Después el mismo Jesús en el momento más familiar de la última cena impone el amor como su mandamiento principal y da la medida: “ámense los unos a los otros como Yo los he amado”. Tenemos que amarnos como Cristo nos ama, y a Él lo ama el Padre, luego parece casi una blasfemia que tengamos que amarnos como ama Dios.

Pero la base elemental es más simple y a la vez más complicada, en la respuesta que da el doctor de la Ley: “El segundo es semejante al primero”: “Amarás a tu prójimo como a ti mismo”, en esos dos mandamientos está toda la ley y los profetas.

Esta es la parte horizontal del amor, el camino para llegar al amor de Dios.

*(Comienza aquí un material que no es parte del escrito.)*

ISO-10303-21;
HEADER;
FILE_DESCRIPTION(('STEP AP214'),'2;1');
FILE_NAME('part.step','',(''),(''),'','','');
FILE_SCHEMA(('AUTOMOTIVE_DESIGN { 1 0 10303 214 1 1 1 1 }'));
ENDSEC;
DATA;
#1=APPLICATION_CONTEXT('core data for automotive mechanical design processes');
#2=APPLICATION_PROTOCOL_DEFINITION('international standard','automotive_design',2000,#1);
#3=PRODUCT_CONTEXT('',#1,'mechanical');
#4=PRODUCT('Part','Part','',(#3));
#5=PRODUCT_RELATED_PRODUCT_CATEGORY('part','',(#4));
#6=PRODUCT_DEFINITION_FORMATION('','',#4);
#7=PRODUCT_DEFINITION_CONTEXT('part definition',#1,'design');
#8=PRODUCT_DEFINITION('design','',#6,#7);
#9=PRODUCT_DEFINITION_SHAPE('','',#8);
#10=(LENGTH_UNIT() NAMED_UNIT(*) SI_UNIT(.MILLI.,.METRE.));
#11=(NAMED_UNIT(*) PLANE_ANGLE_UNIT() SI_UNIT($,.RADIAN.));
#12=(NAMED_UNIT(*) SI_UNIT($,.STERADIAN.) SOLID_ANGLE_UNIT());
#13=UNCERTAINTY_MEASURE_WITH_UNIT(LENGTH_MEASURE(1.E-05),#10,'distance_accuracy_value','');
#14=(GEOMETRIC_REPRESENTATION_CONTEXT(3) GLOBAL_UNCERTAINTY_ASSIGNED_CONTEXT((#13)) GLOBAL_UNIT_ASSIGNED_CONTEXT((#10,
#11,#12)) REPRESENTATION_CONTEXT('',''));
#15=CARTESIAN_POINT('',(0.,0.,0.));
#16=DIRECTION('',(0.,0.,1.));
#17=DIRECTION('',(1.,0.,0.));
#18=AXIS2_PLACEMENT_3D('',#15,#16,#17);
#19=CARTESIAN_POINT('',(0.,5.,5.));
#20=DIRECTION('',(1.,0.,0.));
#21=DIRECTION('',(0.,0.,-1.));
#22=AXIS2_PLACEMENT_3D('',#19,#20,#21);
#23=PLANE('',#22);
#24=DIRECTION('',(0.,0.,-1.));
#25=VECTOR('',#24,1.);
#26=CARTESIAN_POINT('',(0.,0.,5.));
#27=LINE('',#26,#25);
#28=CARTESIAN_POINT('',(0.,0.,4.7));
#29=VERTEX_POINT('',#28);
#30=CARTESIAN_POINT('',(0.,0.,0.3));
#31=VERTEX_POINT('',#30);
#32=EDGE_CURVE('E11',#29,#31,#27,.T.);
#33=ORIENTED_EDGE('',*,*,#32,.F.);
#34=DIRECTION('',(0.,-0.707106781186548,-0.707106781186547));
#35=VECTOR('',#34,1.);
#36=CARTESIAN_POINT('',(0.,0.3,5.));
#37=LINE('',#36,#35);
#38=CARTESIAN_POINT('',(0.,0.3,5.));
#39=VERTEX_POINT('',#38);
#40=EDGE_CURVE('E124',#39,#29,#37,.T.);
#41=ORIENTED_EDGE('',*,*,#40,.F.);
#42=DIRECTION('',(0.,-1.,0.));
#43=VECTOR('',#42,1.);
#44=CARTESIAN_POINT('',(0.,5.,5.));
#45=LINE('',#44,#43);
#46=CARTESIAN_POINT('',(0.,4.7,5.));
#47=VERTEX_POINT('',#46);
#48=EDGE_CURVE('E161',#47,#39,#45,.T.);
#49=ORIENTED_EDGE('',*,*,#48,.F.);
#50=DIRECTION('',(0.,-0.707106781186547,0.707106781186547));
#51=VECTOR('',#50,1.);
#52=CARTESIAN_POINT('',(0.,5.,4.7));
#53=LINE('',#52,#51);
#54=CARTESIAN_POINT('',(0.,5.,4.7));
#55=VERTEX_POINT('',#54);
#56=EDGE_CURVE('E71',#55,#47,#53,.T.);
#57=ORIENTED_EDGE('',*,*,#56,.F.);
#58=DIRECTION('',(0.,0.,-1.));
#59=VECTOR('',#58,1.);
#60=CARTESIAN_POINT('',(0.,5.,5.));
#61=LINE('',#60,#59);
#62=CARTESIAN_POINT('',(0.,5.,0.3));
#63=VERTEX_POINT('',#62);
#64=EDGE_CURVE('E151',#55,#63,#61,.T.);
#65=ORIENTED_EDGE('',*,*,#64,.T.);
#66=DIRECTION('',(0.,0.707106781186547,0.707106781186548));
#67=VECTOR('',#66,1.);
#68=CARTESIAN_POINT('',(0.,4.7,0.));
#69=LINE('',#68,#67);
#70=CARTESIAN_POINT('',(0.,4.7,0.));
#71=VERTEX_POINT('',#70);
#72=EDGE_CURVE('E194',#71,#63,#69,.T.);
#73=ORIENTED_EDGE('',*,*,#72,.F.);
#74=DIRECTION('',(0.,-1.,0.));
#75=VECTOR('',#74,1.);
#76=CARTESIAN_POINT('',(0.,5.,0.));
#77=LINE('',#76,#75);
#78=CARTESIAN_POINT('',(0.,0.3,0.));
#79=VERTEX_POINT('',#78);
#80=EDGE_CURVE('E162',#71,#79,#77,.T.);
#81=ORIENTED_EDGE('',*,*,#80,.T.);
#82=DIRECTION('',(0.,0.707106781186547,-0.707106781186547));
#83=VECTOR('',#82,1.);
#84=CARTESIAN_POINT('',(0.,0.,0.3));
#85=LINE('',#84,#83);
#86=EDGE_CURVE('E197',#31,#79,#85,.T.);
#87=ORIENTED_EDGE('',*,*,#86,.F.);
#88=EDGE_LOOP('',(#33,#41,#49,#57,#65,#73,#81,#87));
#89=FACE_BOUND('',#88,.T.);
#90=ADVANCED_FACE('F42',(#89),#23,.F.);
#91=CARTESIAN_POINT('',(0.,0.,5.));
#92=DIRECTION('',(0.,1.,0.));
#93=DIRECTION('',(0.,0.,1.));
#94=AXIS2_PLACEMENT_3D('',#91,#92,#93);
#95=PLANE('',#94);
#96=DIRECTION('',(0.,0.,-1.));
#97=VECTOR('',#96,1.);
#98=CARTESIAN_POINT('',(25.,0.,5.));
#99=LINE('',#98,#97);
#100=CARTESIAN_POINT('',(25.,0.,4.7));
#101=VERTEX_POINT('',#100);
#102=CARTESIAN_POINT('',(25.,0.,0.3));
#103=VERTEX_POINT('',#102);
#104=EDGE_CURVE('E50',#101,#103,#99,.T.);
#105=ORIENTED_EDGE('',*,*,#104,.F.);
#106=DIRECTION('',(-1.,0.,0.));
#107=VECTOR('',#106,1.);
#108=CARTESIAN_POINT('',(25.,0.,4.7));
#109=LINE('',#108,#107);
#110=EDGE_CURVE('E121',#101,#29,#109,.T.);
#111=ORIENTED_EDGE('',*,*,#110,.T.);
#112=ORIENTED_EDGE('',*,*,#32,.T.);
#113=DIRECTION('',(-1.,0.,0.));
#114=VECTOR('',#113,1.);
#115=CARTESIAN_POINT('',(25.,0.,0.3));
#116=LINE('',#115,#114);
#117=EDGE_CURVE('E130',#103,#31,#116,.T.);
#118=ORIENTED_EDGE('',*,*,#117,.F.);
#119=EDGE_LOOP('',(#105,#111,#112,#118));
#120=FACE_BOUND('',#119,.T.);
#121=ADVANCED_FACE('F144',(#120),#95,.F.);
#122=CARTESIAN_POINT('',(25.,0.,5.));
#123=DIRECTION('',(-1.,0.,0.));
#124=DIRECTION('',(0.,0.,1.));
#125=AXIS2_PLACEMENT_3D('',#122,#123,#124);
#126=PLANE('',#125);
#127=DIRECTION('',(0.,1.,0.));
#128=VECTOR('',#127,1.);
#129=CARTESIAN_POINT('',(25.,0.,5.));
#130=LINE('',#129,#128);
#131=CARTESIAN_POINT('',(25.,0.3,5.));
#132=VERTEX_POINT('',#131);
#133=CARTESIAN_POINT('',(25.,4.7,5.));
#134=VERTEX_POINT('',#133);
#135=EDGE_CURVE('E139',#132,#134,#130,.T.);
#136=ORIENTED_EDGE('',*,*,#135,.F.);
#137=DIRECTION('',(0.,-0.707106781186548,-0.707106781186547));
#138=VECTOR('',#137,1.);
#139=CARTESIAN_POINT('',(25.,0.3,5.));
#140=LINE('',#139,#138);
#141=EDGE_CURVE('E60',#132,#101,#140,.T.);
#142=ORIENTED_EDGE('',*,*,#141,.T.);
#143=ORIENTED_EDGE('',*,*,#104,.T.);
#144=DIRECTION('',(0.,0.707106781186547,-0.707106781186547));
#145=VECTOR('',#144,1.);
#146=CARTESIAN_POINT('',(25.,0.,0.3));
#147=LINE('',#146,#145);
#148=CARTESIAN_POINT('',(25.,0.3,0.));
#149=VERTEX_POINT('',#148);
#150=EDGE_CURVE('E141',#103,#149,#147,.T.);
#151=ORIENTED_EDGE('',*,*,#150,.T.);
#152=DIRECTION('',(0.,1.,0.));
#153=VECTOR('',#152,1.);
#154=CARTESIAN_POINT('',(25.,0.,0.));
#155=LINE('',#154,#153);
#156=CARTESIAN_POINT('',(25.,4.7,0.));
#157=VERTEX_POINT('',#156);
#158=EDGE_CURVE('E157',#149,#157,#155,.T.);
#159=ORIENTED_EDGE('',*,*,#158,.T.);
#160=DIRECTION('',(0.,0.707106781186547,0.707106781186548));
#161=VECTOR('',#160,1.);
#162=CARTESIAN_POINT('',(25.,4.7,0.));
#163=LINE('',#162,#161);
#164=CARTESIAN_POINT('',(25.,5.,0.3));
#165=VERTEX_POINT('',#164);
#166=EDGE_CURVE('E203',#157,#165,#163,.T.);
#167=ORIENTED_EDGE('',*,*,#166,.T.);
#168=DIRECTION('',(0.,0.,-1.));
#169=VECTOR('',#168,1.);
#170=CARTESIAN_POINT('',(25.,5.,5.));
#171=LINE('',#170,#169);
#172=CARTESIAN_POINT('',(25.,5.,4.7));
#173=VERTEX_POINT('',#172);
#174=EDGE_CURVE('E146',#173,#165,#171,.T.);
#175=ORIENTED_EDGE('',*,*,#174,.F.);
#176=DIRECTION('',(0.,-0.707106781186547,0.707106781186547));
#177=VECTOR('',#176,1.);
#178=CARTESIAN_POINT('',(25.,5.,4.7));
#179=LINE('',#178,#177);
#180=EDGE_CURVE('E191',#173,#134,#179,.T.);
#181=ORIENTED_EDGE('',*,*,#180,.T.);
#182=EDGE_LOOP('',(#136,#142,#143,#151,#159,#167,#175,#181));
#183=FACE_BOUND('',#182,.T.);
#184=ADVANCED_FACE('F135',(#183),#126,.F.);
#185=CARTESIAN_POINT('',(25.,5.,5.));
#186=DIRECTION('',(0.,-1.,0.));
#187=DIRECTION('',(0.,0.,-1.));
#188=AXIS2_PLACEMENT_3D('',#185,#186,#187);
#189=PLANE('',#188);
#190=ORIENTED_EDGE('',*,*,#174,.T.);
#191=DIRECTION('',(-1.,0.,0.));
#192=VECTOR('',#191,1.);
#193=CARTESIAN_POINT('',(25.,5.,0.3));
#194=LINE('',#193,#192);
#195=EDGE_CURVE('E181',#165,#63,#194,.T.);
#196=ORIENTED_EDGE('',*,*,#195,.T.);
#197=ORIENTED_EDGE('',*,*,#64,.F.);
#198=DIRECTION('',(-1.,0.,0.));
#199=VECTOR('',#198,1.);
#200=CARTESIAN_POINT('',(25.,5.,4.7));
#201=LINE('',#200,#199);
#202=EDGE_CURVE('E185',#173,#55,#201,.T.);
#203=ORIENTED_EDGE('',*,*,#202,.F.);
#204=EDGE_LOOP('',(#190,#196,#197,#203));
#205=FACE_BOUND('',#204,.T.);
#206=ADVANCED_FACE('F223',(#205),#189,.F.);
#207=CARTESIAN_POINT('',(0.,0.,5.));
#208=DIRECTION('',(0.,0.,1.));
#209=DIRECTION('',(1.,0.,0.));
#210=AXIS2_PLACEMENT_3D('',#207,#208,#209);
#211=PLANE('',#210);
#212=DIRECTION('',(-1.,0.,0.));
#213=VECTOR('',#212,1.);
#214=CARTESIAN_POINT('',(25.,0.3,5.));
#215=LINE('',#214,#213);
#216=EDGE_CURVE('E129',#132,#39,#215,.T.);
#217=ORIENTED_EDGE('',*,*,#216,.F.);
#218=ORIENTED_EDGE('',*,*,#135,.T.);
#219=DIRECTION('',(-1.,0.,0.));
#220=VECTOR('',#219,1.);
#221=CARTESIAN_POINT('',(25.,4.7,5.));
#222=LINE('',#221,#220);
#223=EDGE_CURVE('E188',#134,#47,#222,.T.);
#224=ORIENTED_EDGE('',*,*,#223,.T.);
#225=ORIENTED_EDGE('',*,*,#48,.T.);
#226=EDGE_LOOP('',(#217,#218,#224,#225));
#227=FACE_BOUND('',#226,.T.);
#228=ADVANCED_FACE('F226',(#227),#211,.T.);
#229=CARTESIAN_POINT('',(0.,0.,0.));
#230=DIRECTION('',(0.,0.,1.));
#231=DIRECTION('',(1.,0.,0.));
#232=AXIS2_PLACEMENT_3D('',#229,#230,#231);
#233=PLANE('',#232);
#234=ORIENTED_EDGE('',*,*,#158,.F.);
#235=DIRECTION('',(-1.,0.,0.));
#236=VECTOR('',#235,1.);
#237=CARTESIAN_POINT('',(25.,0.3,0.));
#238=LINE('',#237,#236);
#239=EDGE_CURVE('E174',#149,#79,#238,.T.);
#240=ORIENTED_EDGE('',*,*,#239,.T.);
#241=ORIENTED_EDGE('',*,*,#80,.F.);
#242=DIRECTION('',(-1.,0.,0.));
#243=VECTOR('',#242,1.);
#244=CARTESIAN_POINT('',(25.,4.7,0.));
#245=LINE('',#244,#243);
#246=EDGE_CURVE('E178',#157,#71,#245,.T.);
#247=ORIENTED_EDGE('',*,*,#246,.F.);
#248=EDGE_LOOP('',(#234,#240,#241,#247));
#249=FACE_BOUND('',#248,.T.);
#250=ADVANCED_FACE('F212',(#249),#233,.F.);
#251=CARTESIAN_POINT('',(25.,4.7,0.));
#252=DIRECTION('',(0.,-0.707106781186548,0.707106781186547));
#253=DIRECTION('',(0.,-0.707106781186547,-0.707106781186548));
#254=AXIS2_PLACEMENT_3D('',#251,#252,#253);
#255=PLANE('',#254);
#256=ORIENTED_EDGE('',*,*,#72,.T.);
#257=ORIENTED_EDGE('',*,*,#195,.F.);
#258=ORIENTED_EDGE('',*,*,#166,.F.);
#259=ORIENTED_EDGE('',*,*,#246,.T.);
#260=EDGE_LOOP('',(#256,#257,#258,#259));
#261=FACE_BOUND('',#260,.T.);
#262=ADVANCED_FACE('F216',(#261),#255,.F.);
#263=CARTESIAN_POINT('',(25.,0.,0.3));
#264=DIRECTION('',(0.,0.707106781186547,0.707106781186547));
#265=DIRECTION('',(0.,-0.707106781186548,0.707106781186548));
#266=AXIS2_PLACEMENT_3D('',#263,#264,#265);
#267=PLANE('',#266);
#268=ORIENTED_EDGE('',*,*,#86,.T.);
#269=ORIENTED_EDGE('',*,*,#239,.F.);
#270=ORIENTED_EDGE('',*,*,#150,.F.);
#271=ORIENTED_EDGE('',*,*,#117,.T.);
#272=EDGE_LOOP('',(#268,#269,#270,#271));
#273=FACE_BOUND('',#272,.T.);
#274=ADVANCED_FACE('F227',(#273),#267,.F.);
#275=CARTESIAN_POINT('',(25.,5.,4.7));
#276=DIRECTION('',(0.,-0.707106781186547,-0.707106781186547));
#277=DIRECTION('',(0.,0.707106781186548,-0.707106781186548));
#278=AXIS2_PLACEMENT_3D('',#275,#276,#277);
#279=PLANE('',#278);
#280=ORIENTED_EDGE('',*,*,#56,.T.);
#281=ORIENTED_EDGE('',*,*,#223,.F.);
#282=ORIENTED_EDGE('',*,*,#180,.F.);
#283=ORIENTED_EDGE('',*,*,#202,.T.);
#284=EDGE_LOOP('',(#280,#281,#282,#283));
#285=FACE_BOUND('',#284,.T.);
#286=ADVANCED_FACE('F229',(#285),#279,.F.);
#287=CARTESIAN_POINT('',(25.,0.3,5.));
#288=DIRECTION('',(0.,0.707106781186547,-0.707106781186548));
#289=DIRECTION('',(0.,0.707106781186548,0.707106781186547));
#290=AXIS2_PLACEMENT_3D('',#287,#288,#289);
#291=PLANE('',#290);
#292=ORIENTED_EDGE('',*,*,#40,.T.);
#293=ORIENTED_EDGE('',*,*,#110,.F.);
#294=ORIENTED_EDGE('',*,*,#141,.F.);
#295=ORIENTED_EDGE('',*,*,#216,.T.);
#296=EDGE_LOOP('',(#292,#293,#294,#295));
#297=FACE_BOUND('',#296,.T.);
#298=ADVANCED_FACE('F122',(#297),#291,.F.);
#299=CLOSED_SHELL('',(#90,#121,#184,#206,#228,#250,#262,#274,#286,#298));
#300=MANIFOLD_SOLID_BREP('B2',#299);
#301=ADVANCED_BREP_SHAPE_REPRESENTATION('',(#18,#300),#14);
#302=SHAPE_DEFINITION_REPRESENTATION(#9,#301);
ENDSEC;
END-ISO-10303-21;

Dios no ha distribuido celulares especiales para que alguien por santo que sea tenga  una comunicación directa con Él, nos dejó el prójimo para que amemos al que anda con nosotros, al que está tirado y herido en el camino, no importa que no “sea de los nuestros”.

El mejor título que les da Jesús a sus discípulos es de “amigos”, porque compartió con ellos todas las experiencias apostólicas, unas dolorosas y otras llenas de milagros como aquella que nos narra el libro de los Hechos cuando dice que hasta la sombra de Pedro curaba a los enfermos.

Cómo nos hace falta a todos los cristianos este sentido profundo del amor que experimentaban y distinguían a los primeros cristianos: “Mirad como se aman” era el slogan de identificación. A años luz de esa experiencia hoy no se podría decir lo mismo, sino: “miren como se odian, se envidian, hablan mal unos de otros, se tratan como esclavos y siervos”. Jesús no quiere esclavos de ninguna naturaleza en su Iglesia, ni que esclavicemos a nadie. El quiere que seamos sus testigos, especialmente en el amor que nos tengamos unos a otros.